■ Requirement:
Whenever the string "schematic" turns up in a line below, that line should be copied.

■ Data entries:

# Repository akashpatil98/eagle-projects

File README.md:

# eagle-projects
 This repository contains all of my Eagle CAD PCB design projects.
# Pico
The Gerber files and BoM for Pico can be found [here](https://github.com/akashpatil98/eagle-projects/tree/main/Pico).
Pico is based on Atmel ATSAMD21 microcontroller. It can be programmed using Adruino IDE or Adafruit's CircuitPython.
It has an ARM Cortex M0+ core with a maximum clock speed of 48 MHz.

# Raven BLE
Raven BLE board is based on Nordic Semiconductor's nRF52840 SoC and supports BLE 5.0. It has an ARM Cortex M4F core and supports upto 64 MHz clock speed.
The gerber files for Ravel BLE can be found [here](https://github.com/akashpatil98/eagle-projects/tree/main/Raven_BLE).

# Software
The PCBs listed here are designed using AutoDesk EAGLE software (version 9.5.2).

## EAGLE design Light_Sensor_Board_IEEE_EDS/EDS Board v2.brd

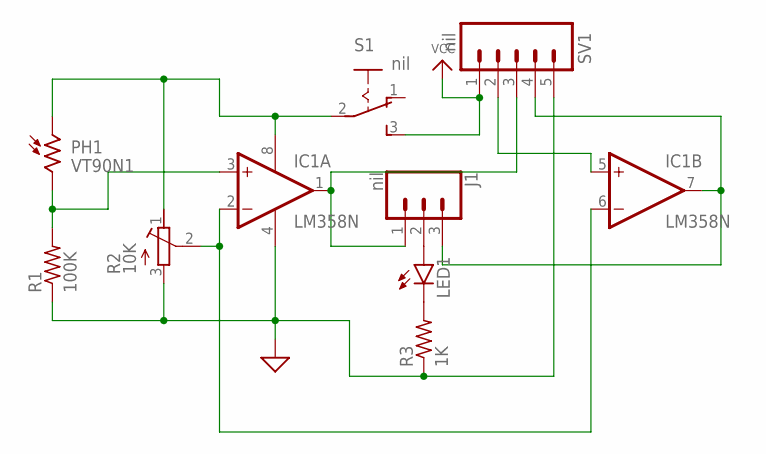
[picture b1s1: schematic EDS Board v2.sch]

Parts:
IC1: LM358N; DIL08
J1: nil; 1X03
LED1: RED; LED5MM
PH1: VT90N1; VT900
R1: 100K; 0207/7
R2: 10K; RTRIMT93YA
R3: 1K; 0207/7
S1: nil; 255SB
SV1: nil; 1X05

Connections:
GND: IC1.4 (V-), R1.1, R2.3 (A), R3.1, SV1.5
unnamed: IC1.2 (-IN), IC1.6 (-IN), R2.2 (S)
unnamed: IC1.3 (+IN), PH1.2, R1.2
unnamed: IC1.1 (OUT), J1.1, SV1.3
unnamed: LED1.K (C), R3.2
unnamed: IC1.7 (OUT), J1.3, SV1.4
unnamed: IC1.5 (+IN), SV1.2
unnamed: IC1.8 (V+), PH1.1, R2.1 (E), S1.2
unnamed: J1.2, LED1.A
VCC: S1.3 (S), SV1.1

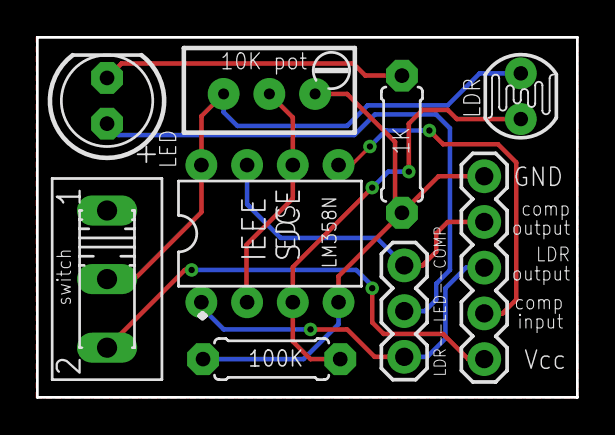
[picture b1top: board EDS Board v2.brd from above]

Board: 2 copper layers, 30.0 x 20.0 mm, 9 parts (0 on the bottom side), 10 nets.

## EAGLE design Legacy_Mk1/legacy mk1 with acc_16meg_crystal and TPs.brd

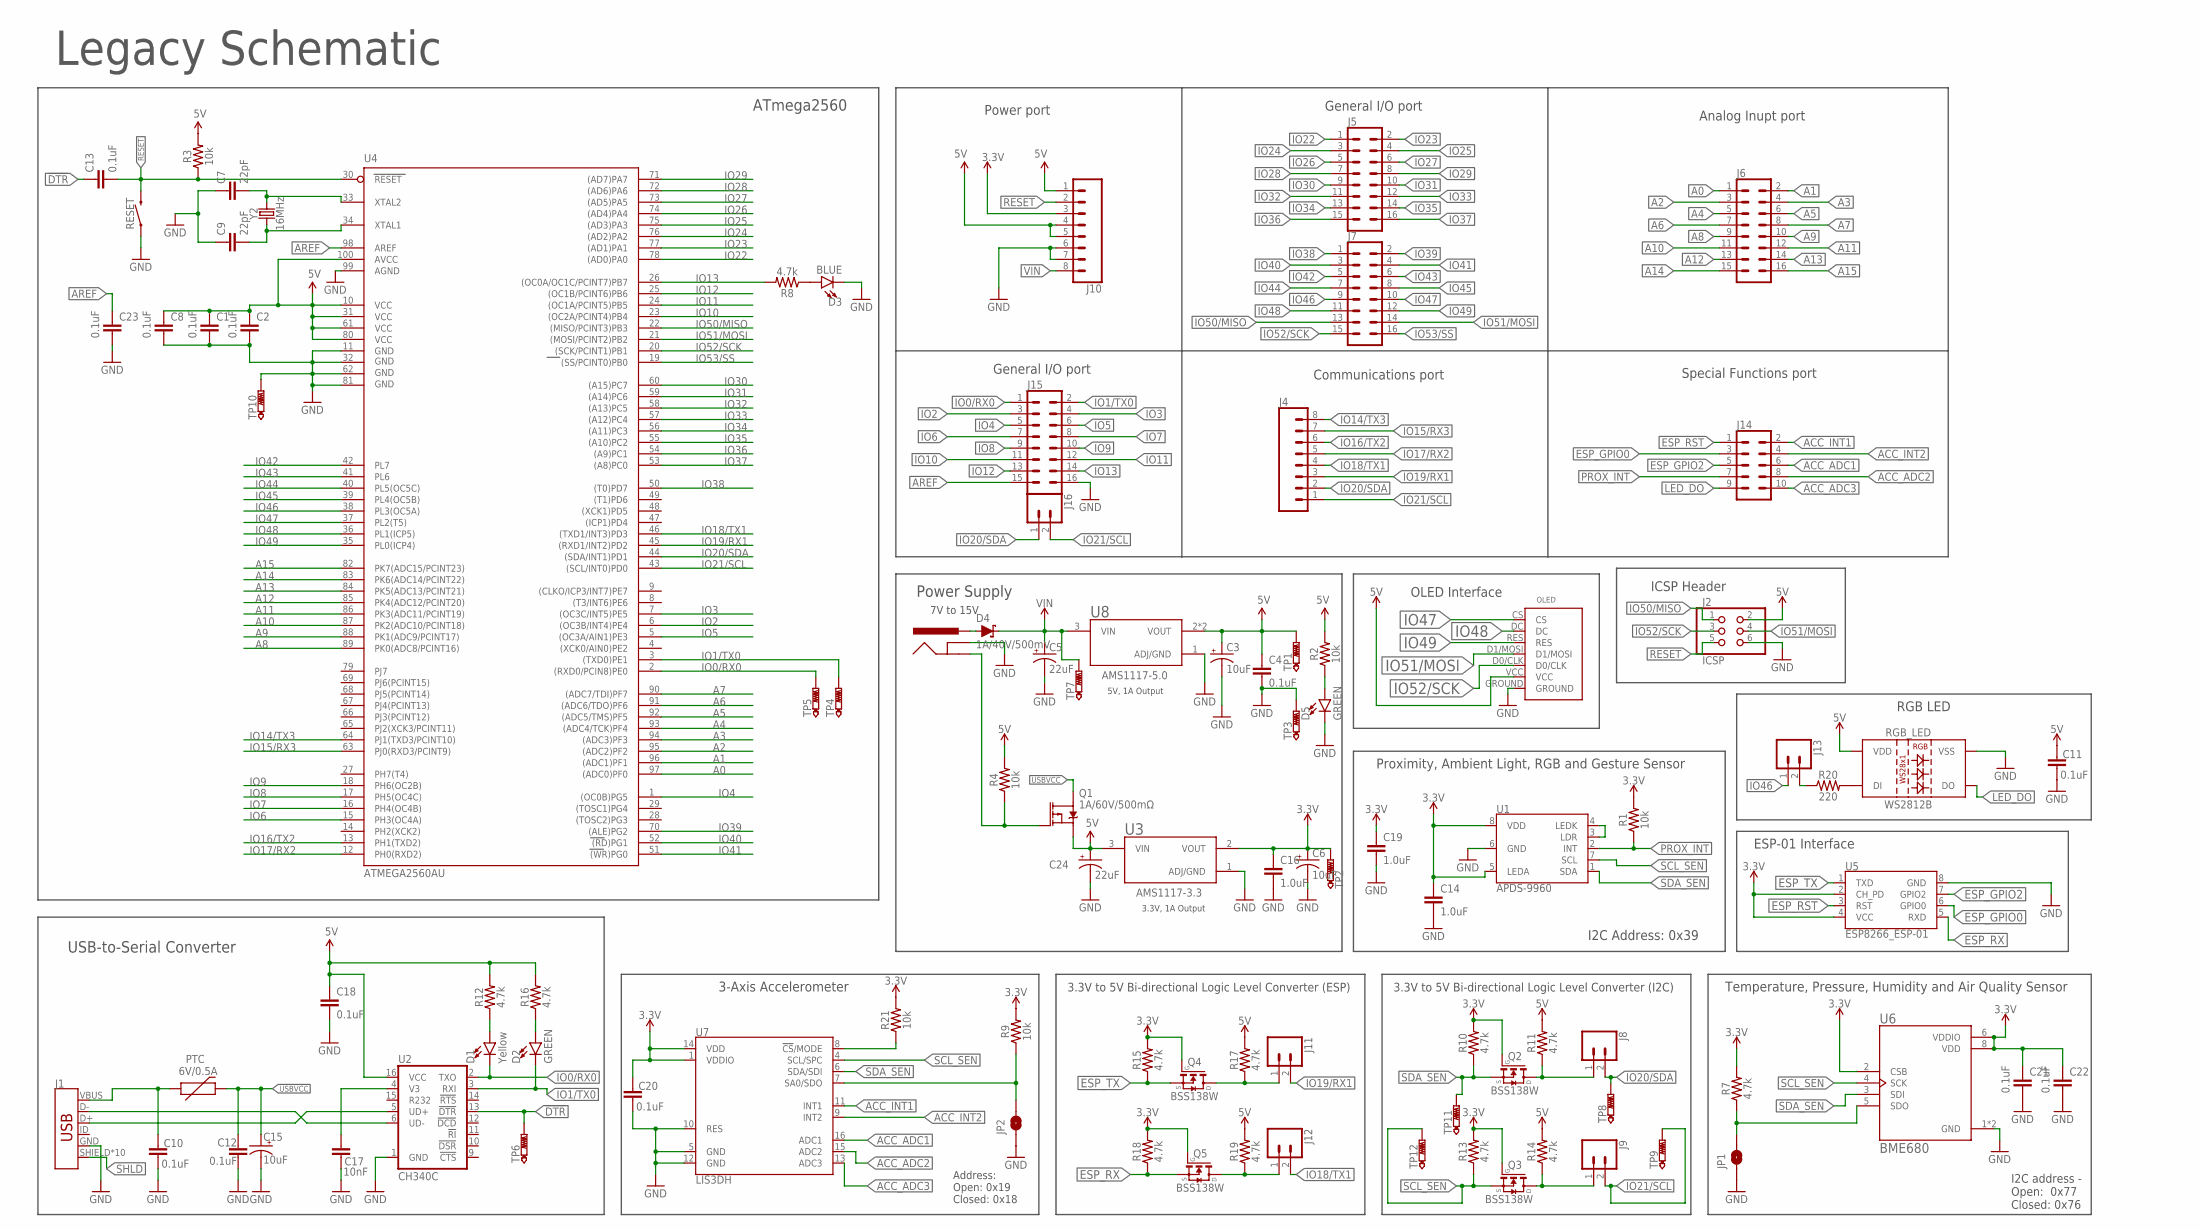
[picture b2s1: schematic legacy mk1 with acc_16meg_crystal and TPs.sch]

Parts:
C1, C2, C4, C8, C10, C11, C12, C13, C18, C20, C21, C22, C23: 0.1uF; 0603
C3, C6, C15: 10uF; EIA3216
C5, C24: 22uF; CT3528
C7, C9: 22pF; 0603
C14, C16, C19: 1.0uF; 0603-CAP
C17: 10nF; 0603-CAP
D1: Yellow; LED-0603
D2, D5: GREEN; LED-0603
D3: BLUE; LED-0603
D4: 1A/40V/500mV; SMA-DIODE
J1: AMP FCI 10103594-0001LF; USB-MICROB-PTH-MILL
J2: ICSP; 2X03
J3: POWER_JACKSLT; POWER_JACK_SLOT
J4, J10: CONN_08"; 1X08
J5, J6, J7, J15: CONN_08X2_HEADER; 2X8
J8, J9, J11, J12, J13, J16: CONN_02; 1X02
J14: CONN_05X2PTH; 2X5
JP1, JP2: JUMPER-SMT_2_NO_SILK; SMT-JUMPER_2_NO_SILK
OLED: OLED_SHIELD
PTC: 6V/0.5A; 1206
Q1: 1A/60V/500mΩ; SOT23-3
Q2, Q3, Q4, Q5: BSS138W; SOT323-R
R1, R2, R3, R4, R9, R21: 10k; 0603
R7, R8, R10, R11, R12, R13, R14, R15, R16, R17, R18, R19: 4.7k; 0603
R20: 220; 0603
RESET: MOMENTARY-SWITCH-SPST-PTH-6.0MM; TACTILE_SWITCH_PTH_6.0MM
RGB_LED: WS2812B
TP1, TP2, TP3, TP4, TP5, TP6, TP7, TP8, TP9, TP10, TP11, TP12: PTR1B1,27; B1,27
U1: APDS-9960
U2: CH340C; SO016
U3: AMS1117-3.3; SOT229P700X180-4N
U4: ATMEGA2560AU; TQFP100
U5: ESP8266_ESP-01
U6: BME680; PSON80P300X300X100-8N
U7: LIS3DH; LGA-16-3X3
U8: AMS1117-5.0; SOT229P700X180-4N
Y2: 16MHz; HC49US

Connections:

■ Task output:
[picture b1s1: schematic EDS Board v2.sch]
[picture b2s1: schematic legacy mk1 with acc_16meg_crystal and TPs.sch]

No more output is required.